Call of Duty: Advanced Warfare, the latest entry of the Call of Duty series developed by Sledgehammer Games now available on consoles and PC in all regions, has received new DLC packs on Xbox 360 and Xbox One.

The new Advanced Warfare DLC packs are new Personalization packs which include new weapon camos, new reticules, calling cards and emblem items.

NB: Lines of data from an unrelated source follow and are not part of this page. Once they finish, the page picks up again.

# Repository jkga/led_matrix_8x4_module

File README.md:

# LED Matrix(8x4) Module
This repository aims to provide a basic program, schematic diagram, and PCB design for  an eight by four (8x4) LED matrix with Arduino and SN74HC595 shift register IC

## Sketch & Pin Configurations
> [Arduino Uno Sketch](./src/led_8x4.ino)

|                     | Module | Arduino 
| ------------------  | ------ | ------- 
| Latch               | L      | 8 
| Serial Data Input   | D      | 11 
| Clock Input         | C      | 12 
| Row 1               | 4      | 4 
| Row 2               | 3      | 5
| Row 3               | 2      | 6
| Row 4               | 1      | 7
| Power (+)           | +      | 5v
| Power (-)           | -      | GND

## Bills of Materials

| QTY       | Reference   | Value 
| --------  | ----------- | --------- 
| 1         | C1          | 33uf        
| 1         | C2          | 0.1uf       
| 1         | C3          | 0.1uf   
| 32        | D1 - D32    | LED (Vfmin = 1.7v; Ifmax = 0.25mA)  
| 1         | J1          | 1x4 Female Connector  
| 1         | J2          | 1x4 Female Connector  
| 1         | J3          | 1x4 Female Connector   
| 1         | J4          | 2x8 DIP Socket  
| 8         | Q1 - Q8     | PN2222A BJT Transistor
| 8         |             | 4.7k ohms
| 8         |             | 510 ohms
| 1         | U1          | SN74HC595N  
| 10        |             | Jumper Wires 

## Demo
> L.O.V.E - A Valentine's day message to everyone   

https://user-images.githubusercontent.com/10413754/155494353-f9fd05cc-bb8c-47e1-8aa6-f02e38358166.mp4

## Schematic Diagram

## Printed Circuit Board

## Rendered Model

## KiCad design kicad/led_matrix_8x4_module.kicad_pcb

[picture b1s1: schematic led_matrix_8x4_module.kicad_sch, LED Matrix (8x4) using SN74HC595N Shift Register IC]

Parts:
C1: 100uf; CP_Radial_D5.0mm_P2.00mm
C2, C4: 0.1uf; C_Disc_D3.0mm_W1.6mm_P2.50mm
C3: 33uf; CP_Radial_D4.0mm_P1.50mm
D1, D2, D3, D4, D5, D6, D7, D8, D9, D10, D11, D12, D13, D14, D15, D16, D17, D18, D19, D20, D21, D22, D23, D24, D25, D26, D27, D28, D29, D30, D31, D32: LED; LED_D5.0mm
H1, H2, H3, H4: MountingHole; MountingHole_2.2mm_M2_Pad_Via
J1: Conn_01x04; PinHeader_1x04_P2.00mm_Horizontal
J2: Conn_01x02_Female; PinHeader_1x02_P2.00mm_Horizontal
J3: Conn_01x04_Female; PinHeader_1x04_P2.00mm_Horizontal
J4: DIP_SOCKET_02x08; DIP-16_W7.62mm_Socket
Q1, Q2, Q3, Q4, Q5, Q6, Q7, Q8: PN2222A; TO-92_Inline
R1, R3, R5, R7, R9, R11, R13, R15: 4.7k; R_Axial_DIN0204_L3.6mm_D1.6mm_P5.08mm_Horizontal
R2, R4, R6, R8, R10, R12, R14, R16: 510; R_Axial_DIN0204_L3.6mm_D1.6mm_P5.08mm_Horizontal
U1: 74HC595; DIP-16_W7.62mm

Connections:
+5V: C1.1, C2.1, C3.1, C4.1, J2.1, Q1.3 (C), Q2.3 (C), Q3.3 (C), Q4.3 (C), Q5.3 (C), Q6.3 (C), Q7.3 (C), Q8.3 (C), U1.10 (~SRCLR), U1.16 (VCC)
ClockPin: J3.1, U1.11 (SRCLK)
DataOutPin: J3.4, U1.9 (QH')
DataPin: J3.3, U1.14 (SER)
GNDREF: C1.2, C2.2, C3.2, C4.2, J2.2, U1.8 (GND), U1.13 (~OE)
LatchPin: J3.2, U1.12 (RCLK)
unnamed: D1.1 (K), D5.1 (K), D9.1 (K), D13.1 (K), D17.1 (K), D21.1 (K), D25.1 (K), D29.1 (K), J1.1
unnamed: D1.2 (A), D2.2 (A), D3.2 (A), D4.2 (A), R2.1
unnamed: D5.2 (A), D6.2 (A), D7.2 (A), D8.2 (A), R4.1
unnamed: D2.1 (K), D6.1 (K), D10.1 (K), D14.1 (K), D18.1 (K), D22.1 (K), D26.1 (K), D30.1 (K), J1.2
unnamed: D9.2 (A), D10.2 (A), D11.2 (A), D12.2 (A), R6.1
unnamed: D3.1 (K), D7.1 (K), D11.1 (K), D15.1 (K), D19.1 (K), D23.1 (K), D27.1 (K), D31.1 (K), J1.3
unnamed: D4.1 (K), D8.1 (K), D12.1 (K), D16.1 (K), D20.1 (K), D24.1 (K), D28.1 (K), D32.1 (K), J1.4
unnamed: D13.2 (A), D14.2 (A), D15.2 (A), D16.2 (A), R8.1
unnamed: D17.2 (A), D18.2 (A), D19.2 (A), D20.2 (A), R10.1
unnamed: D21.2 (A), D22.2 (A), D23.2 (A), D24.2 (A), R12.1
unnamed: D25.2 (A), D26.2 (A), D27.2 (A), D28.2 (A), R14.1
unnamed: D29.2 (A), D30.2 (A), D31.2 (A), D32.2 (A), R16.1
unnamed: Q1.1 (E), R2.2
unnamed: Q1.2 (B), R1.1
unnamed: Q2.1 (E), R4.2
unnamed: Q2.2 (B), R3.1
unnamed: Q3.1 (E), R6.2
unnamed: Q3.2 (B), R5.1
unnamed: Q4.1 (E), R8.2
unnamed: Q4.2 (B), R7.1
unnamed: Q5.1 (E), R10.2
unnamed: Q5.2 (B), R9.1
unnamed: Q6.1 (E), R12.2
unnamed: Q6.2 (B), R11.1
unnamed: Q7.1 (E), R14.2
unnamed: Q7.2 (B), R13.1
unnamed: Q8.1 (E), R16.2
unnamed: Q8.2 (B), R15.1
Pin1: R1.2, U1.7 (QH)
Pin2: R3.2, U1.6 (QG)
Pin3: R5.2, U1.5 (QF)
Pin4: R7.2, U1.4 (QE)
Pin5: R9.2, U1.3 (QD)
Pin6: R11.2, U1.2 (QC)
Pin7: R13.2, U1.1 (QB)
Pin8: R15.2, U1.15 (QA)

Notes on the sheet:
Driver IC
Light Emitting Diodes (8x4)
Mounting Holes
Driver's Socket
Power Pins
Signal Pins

  • The Backdraft Standard Personalization Pack includes an animated weapon camo, three fireproof reticules, calling card and emblem item.
  • The Psychedelic Standard Personalization Pack includes an animated, shimmering weapon camo, three hallucinatory reticles, calling card and emblem item.
  • The Tiki Standard Personalization Pack includes an animated, glowing weapon camo, three shipwrecked reticles, calling card and emblem item.
  • The Lagoon Standard Personalization Pack includes an animated, aquatic weapon camo, three watertight reticles, calling card and emblem item.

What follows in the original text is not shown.